Bila menyampaikan kotbah, maka kita bukan aktor yang berbicara dengan mimik dan emosi yang meyakinkan, tetapi motif hati tidak dipertanyakan. Bisa saja seorang orator menangis atau tertawa, tetapi belum tentu tangisan itu keluar dari hati atau tertawa sukacita palsu. Itu terjadi karena kita sedang berperan sebagai aktor. Sedangkan kotbah keluar dari prinsip integritas hati dan bukan “akting”. Ketika seseorang berakting, maka mimik, kata-kata dan gerak tubuhnya sangat meyakinkan. Namun semua itu tidak bisa mengubahkan, karena tidak lahir dari hati yang terdalam.
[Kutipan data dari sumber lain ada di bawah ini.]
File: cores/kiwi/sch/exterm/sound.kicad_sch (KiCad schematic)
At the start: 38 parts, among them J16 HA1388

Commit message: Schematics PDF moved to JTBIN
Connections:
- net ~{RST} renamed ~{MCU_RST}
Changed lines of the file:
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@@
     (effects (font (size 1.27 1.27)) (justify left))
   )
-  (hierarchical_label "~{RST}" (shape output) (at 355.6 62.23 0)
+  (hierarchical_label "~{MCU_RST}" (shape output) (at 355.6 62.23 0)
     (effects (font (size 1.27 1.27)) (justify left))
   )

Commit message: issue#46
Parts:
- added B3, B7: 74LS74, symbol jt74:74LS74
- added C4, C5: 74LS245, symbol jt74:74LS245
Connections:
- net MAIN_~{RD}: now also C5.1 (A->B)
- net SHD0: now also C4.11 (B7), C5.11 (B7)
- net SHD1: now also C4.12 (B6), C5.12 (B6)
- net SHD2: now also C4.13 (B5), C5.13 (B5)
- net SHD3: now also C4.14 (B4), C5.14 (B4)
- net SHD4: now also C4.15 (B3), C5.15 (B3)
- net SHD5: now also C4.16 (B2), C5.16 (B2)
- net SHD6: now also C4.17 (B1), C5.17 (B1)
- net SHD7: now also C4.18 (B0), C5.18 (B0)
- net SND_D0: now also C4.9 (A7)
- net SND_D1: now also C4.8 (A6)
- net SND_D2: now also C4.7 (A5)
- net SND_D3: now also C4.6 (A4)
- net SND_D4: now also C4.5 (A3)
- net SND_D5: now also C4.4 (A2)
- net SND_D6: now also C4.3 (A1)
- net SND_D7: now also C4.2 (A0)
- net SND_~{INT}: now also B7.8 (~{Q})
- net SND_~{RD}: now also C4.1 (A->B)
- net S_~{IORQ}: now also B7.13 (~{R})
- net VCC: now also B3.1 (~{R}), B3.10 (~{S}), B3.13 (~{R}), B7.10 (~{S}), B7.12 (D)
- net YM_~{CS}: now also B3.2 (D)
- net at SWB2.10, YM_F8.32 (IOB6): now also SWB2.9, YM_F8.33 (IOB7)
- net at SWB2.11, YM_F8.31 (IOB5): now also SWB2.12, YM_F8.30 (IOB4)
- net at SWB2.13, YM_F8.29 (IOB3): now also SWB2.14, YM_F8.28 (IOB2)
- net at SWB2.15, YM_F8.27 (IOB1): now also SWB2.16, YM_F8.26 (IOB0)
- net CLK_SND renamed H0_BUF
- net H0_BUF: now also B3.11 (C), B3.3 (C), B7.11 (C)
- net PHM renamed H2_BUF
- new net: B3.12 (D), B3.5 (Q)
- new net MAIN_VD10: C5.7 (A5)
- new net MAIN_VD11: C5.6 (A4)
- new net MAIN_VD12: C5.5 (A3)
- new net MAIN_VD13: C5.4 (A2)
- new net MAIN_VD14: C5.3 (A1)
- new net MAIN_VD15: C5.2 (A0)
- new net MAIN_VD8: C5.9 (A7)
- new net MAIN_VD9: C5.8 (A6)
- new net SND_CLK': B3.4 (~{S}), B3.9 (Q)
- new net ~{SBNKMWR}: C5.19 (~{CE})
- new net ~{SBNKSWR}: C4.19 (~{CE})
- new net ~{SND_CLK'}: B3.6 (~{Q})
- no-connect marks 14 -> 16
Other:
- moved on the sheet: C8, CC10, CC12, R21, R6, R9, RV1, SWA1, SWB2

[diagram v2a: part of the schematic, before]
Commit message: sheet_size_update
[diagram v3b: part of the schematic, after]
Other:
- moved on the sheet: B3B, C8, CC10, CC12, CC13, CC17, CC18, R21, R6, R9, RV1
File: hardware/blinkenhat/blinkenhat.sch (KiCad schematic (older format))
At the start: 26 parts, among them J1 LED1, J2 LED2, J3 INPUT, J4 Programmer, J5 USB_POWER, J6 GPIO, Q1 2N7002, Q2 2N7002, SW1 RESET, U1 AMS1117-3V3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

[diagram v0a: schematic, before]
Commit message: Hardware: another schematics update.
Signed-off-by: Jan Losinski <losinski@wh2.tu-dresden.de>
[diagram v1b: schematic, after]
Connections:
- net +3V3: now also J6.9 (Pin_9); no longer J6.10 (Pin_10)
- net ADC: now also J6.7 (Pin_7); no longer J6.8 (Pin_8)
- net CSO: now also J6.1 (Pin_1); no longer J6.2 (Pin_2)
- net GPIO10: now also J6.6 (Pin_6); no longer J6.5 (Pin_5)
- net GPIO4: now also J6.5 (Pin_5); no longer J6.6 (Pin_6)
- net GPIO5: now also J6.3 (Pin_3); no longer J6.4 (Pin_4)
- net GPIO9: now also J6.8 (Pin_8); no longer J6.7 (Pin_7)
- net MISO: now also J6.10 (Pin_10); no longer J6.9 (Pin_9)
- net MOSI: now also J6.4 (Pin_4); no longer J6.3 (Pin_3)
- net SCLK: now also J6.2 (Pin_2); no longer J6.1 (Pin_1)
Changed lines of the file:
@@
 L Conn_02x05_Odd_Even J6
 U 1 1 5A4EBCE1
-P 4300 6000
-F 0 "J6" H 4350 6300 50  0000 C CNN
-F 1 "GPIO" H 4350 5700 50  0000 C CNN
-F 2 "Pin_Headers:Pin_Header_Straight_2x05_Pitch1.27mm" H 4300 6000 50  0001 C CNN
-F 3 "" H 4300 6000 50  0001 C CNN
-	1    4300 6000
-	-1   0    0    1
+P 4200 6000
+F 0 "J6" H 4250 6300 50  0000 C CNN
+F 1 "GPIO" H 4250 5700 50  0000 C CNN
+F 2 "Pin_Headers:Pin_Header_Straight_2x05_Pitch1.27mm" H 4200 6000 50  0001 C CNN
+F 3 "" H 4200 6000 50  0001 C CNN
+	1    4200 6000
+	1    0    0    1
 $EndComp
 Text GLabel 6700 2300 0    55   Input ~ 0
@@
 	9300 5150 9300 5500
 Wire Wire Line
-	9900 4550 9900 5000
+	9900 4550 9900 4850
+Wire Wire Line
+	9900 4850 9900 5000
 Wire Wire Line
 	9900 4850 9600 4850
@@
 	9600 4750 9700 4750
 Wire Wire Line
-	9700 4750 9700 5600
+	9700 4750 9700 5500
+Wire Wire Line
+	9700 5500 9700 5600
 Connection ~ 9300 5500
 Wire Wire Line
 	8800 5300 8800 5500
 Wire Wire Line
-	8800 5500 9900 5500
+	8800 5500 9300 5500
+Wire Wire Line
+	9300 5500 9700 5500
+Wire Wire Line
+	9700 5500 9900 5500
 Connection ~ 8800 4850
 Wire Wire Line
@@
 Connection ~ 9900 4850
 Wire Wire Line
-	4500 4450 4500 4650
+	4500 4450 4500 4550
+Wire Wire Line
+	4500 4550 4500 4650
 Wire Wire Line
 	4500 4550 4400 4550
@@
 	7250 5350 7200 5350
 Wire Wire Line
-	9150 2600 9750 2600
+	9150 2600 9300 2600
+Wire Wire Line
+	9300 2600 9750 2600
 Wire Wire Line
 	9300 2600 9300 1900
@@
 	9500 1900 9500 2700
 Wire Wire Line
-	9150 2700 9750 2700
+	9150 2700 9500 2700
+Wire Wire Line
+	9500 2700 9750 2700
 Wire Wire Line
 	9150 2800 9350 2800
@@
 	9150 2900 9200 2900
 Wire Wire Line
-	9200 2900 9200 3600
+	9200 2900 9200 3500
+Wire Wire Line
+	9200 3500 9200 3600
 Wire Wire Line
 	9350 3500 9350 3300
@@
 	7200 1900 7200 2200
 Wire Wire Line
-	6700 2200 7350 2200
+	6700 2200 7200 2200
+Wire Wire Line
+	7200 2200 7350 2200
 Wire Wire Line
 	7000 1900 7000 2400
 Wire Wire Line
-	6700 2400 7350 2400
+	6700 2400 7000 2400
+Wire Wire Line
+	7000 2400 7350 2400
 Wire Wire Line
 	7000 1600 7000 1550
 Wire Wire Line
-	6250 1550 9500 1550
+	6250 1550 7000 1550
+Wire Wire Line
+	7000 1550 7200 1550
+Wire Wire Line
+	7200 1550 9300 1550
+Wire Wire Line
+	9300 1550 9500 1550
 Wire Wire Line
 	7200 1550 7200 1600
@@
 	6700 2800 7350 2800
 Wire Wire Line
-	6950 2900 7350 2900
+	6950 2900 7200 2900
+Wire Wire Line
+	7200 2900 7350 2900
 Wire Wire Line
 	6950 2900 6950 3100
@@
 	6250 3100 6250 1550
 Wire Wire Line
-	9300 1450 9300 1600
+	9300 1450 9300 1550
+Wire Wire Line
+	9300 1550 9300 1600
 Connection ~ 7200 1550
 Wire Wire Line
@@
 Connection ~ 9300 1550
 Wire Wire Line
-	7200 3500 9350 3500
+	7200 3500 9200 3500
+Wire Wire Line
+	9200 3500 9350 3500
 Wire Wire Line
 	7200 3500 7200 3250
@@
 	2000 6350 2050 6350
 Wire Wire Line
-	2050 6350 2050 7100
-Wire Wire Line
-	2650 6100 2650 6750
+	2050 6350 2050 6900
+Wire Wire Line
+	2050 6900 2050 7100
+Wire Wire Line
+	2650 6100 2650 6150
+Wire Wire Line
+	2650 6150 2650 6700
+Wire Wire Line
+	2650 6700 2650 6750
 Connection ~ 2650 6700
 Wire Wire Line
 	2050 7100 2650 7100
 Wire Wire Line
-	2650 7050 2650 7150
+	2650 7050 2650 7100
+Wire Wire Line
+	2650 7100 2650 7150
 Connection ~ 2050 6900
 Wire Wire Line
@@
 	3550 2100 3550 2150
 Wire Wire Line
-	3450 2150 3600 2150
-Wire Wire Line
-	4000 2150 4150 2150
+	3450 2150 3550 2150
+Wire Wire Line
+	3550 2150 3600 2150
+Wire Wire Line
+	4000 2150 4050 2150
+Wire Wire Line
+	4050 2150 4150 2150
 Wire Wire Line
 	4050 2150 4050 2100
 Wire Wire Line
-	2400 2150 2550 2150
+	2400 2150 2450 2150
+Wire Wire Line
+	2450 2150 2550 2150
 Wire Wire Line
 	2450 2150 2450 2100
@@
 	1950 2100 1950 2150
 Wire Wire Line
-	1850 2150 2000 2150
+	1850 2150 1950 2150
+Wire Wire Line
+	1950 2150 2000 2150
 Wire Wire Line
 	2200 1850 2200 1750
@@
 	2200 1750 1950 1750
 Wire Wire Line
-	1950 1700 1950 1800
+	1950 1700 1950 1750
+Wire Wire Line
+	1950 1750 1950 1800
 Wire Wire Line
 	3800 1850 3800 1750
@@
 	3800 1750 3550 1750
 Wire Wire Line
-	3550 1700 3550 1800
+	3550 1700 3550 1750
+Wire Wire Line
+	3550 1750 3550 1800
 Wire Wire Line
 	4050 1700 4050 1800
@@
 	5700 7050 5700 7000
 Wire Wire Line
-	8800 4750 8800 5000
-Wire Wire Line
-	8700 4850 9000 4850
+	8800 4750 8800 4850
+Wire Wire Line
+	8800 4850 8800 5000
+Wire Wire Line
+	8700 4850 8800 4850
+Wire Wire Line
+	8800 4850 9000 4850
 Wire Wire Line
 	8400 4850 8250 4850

Itu sebabnya seorang pengkotbah tidak berfokus kepada upaya membuat jemaatnya tertawa, walaupun humor penting. Humor yang baik lahir dari sebuah pergumulan pengkotbah untuk membuat amanat teks lebih jelas lewat kemampuan menertawakan kebodohan diri dan kemauan untuk berubah. Tetapi membuat jemaat tertawa agar disenangi jemaat menjadikan kotbah tidak lebih dari hiburan lawak yang tidak memiliki kuasa rohani. Jangan salah mengerti, humor penting. Saya akan bahas secara khusus nantinya mengapa humor penting dalam sebuah percakapan.

Orator biasanya berharap mendapatkan tepuk tangan dan pujian berdiri (standing ovation) dari pendengarnya. Karena bila tidak feedback seperti itu, maka seorang orator akan kehilangan daya tariknya. Sedangkan seorang pengkotbah tidak memfokuskan diri mendapatkan tepuk tangan, tetapi adanya perubahan sikap dari jemaat. Kita tidak sedang berkotbah dengan tujuan untuk mendapatkan pujian dan senyuman atas kalimat-kalimat yang disampaikan.

Lebih lanjut, dalam berkotbah kita tidak sedang bersinetron dalam berkotbah. Kotbah sedang berbicara tentang kebenaran kekal dengan cara yang penuh integritas dan transparan. Ketika disampaikan dengan penuh integritas, maka prinsip komunikasi memperkaya kotbah seseorang dan bukan kemampuan komunikasi yang menggantikan kotbah seseorang.

Kesimpulannya, komunikasi penting dan harus didalami. Tapi jauh lebih penting kotbah yang bukan mendasari dalam prinsip komunikasi, tetapi kepada menyenangkan hati Allah. Komunikasi sebagai alat pendukung yang didasari pada prinsip Allah dalam berkomunikasi.